China’s devaluation may be bad news for FX industry

China’s currency devaluation should give a shot in the arm to global foreign exchange volumes as traders take advantage of and protect themselves against the surprise surge in volatility, but its longer-term impact on market activity may not be so benign.

Investors with longer-term horizons than a day’s trading profit, from pension funds seeking stable returns to companies considering expanding overseas, will be alarmed by the prospect of wild swings in exchange rates triggered by another round of “currency wars”.

Former Brazilian finance minister Guido Mantega coined the term “currency wars” in 2010. It refers to countries trying to make their exports more competitive – and ultimately boost their growth – at the expense of rivals, by weakening their exchange rates.

Policymakers fear Beijing’s move could accelerate this race to the bottom, particularly as most countries, including those in the developed and industrialized world, have few growth-boosting policy tools left open to them.

It’s a worry for a troubled foreign exchange industry.

After years of rapid growth, which made it the world’s largest financial market and a money-spinner for big banks, trading volumes are slowly shrinking and jobs are being lost.

Tighter regulation, increased automation, greater competition, and a global market-rigging scandal all suggest its glory days are over. The depressive impact on investment of a lengthy currency war would do little to restore its fortunes.

“Any prolonged uncertainty in the market resulting from this, and real-money players such as pension and mutual funds will be less inclined to invest,” said Neil Mellor, senior currency strategist at Bank of New York Mellon in London.

Offshore yuan trading on Thomson Reuters platforms reached a record $26 billion on Aug. 12, the day after China devalued the yuan.
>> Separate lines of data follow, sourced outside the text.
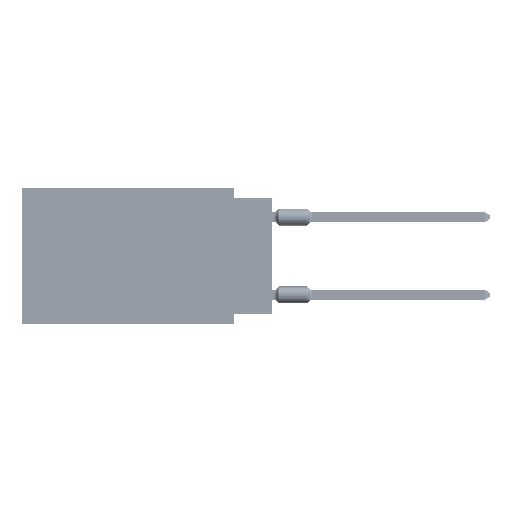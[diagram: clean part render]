
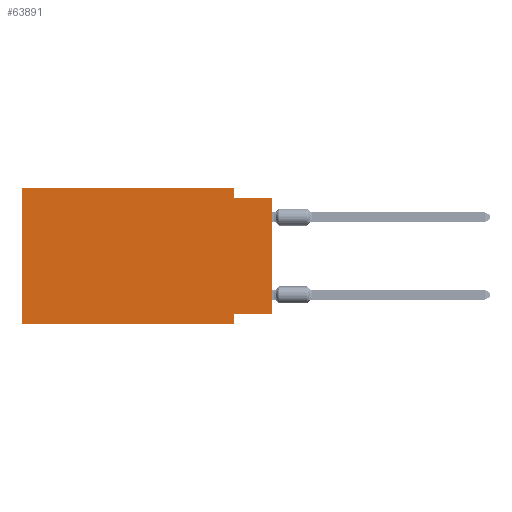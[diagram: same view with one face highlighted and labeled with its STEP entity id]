
A CAD part, left-side view. The second image highlights one B-rep face of the part: STEP entity #63891.
In plain terms, the highlighted planar face has unit normal (-1, 0, 0).
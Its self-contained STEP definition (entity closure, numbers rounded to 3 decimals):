
#612 = DIRECTION ( 'NONE',  ( 0., 0., 1. ) ) ;
#1098 = VERTEX_POINT ( 'NONE', #43700 ) ;
#1101 = LINE ( 'NONE', #51185, #55367 ) ;
#1966 = DIRECTION ( 'NONE',  ( 0., 0., -1. ) ) ;
#2975 = CARTESIAN_POINT ( 'NONE',  ( 0., 0., -0.635 ) ) ;
#4394 = VECTOR ( 'NONE', #1966, 1000. ) ;
#4524 = DIRECTION ( 'NONE',  ( 0., 0., -1. ) ) ;
#5648 = EDGE_CURVE ( 'NONE', #31139, #53822, #33585, .T. ) ;
#6089 = CARTESIAN_POINT ( 'NONE',  ( 0., 16.383, 0. ) ) ;
#6811 = CARTESIAN_POINT ( 'NONE',  ( 0., 16.383, 0. ) ) ;
#7441 = CARTESIAN_POINT ( 'NONE',  ( 0., 2.54, -0.635 ) ) ;
#8101 = LINE ( 'NONE', #64387, #59605 ) ;
#8169 = CARTESIAN_POINT ( 'NONE',  ( 0., 2.54, -8.89 ) ) ;
#8211 = ORIENTED_EDGE ( 'NONE', *, *, #5648, .T. ) ;
#8453 = DIRECTION ( 'NONE',  ( 0., 0., -1. ) ) ;
#10493 = VECTOR ( 'NONE', #612, 1000. ) ;
#12424 = CARTESIAN_POINT ( 'NONE',  ( 0., 0., -0.635 ) ) ;
#13956 = LINE ( 'NONE', #2975, #16016 ) ;
#14001 = EDGE_CURVE ( 'NONE', #36878, #29262, #1101, .T. ) ;
#15428 = VECTOR ( 'NONE', #69008, 1000. ) ;
#16016 = VECTOR ( 'NONE', #64397, 1000. ) ;
#17408 = EDGE_CURVE ( 'NONE', #36878, #32668, #57673, .T. ) ;
#17758 = LINE ( 'NONE', #6811, #10493 ) ;
#21424 = CARTESIAN_POINT ( 'NONE',  ( 0., 16.383, -8.89 ) ) ;
#22575 = EDGE_CURVE ( 'NONE', #32668, #53822, #64821, .T. ) ;
#24398 = CARTESIAN_POINT ( 'NONE',  ( 0., 0., -8.255 ) ) ;
#25727 = FACE_OUTER_BOUND ( 'NONE', #60841, .T. ) ;
#29171 = CARTESIAN_POINT ( 'NONE',  ( 0., 16.383, 0. ) ) ;
#29262 = VERTEX_POINT ( 'NONE', #12424 ) ;
#30888 = ORIENTED_EDGE ( 'NONE', *, *, #17408, .F. ) ;
#31139 = VERTEX_POINT ( 'NONE', #21424 ) ;
#32668 = VERTEX_POINT ( 'NONE', #47723 ) ;
#33015 = PLANE ( 'NONE',  #58795 ) ;
#33585 = LINE ( 'NONE', #66502, #40002 ) ;
#33691 = ORIENTED_EDGE ( 'NONE', *, *, #34714, .F. ) ;
#33741 = VERTEX_POINT ( 'NONE', #6089 ) ;
#34714 = EDGE_CURVE ( 'NONE', #1098, #60013, #8101, .T. ) ;
#35002 = ORIENTED_EDGE ( 'NONE', *, *, #14001, .T. ) ;
#36878 = VERTEX_POINT ( 'NONE', #52465 ) ;
#38517 = CARTESIAN_POINT ( 'NONE',  ( 0., 16.383, 0. ) ) ;
#38859 = ORIENTED_EDGE ( 'NONE', *, *, #54198, .F. ) ;
#40002 = VECTOR ( 'NONE', #66141, 1000. ) ;
#41661 = VECTOR ( 'NONE', #51474, 1000. ) ;
#43700 = CARTESIAN_POINT ( 'NONE',  ( 0., 2.54, 0. ) ) ;
#44372 = ORIENTED_EDGE ( 'NONE', *, *, #50158, .F. ) ;
#47723 = CARTESIAN_POINT ( 'NONE',  ( 0., 2.54, -8.255 ) ) ;
#50158 = EDGE_CURVE ( 'NONE', #60013, #29262, #13956, .T. ) ;
#51185 = CARTESIAN_POINT ( 'NONE',  ( 0., 0., 0. ) ) ;
#51474 = DIRECTION ( 'NONE',  ( 0., -1., 0. ) ) ;
#52465 = CARTESIAN_POINT ( 'NONE',  ( 0., 0., -8.255 ) ) ;
#53571 = ORIENTED_EDGE ( 'NONE', *, *, #22575, .F. ) ;
#53822 = VERTEX_POINT ( 'NONE', #64334 ) ;
#54198 = EDGE_CURVE ( 'NONE', #33741, #1098, #62459, .T. ) ;
#54617 = DIRECTION ( 'NONE',  ( 1., 0., 0. ) ) ;
#55367 = VECTOR ( 'NONE', #55945, 1000. ) ;
#55945 = DIRECTION ( 'NONE',  ( 0., 0., 1. ) ) ;
#57673 = LINE ( 'NONE', #24398, #15428 ) ;
#58795 = AXIS2_PLACEMENT_3D ( 'NONE', #38517, #54617, #4524 ) ;
#59405 = EDGE_CURVE ( 'NONE', #31139, #33741, #17758, .T. ) ;
#59605 = VECTOR ( 'NONE', #8453, 1000. ) ;
#60013 = VERTEX_POINT ( 'NONE', #7441 ) ;
#60727 = ORIENTED_EDGE ( 'NONE', *, *, #59405, .F. ) ;
#60841 = EDGE_LOOP ( 'NONE', ( #35002, #44372, #33691, #38859, #60727, #8211, #53571, #30888 ) ) ;
#62459 = LINE ( 'NONE', #29171, #41661 ) ;
#63891 = ADVANCED_FACE ( 'NONE', ( #25727 ), #33015, .F. ) ;
#64334 = CARTESIAN_POINT ( 'NONE',  ( 0., 2.54, -8.89 ) ) ;
#64387 = CARTESIAN_POINT ( 'NONE',  ( 0., 2.54, 0. ) ) ;
#64397 = DIRECTION ( 'NONE',  ( 0., -1., 0. ) ) ;
#64821 = LINE ( 'NONE', #8169, #4394 ) ;
#66141 = DIRECTION ( 'NONE',  ( 0., -1., 0. ) ) ;
#66502 = CARTESIAN_POINT ( 'NONE',  ( 0., 16.383, -8.89 ) ) ;
#69008 = DIRECTION ( 'NONE',  ( 0., 1., 0. ) ) ;

It had grown 350 percent year-on-year in 2014.

On rival platform EBS – the main venue for dollar, yen and euro trading – the yuan ended 2014 as one of its top five traded currencies.

But the growth in yuan trading in recent years is atypical of the market at large, according to the latest FX trading volume data compiled by the Bank of England, New York Federal Reserve and global FX settlement system CLS.

Daily trading in London fell 8 percent to $2.48 trillion in the six months to April, driven by a 13 percent slump in spot volumes to $973 billion a day, the BoE said.

Average daily volume in North America fell 20 percent to $881.21 billion, thanks to a 25 percent slump in spot transactions to $426.99 billion, according to the New York Federal Reserve.

Data from CLS, used almost universally by the banking industry to process or settle foreign exchange trades, shows that global average daily volume slipped 0.6 percent to $4.61 trillion in May. As recently as last November the global FX market was turning over $5.17 trillion a day, according to CLS.

As analysts at Morgan Stanley point out, China accounts for 21 percent of the trade-weighted dollar index used by the Federal Reserve. It is the biggest single component of the equivalent euro trade-weighted index at around 23 percent. So what happens to the yuan has a growing influence on dollar and euro flows.

Analysts at London-based independent investment advisory firm Cross Border Capital say China’s credit markets have grown 12-fold since 2000 and are now worth around $25 trillion – roughly the same size as U.S. credit markets.

“Her credit markets are fragile and they are unwinding what has been the world’s biggest ever credit boom, and capital outflows are meaningful,” they wrote in a report last month. “China remains the key risk and reward for global investors.”

In that, the foreign exchange industry is no exception.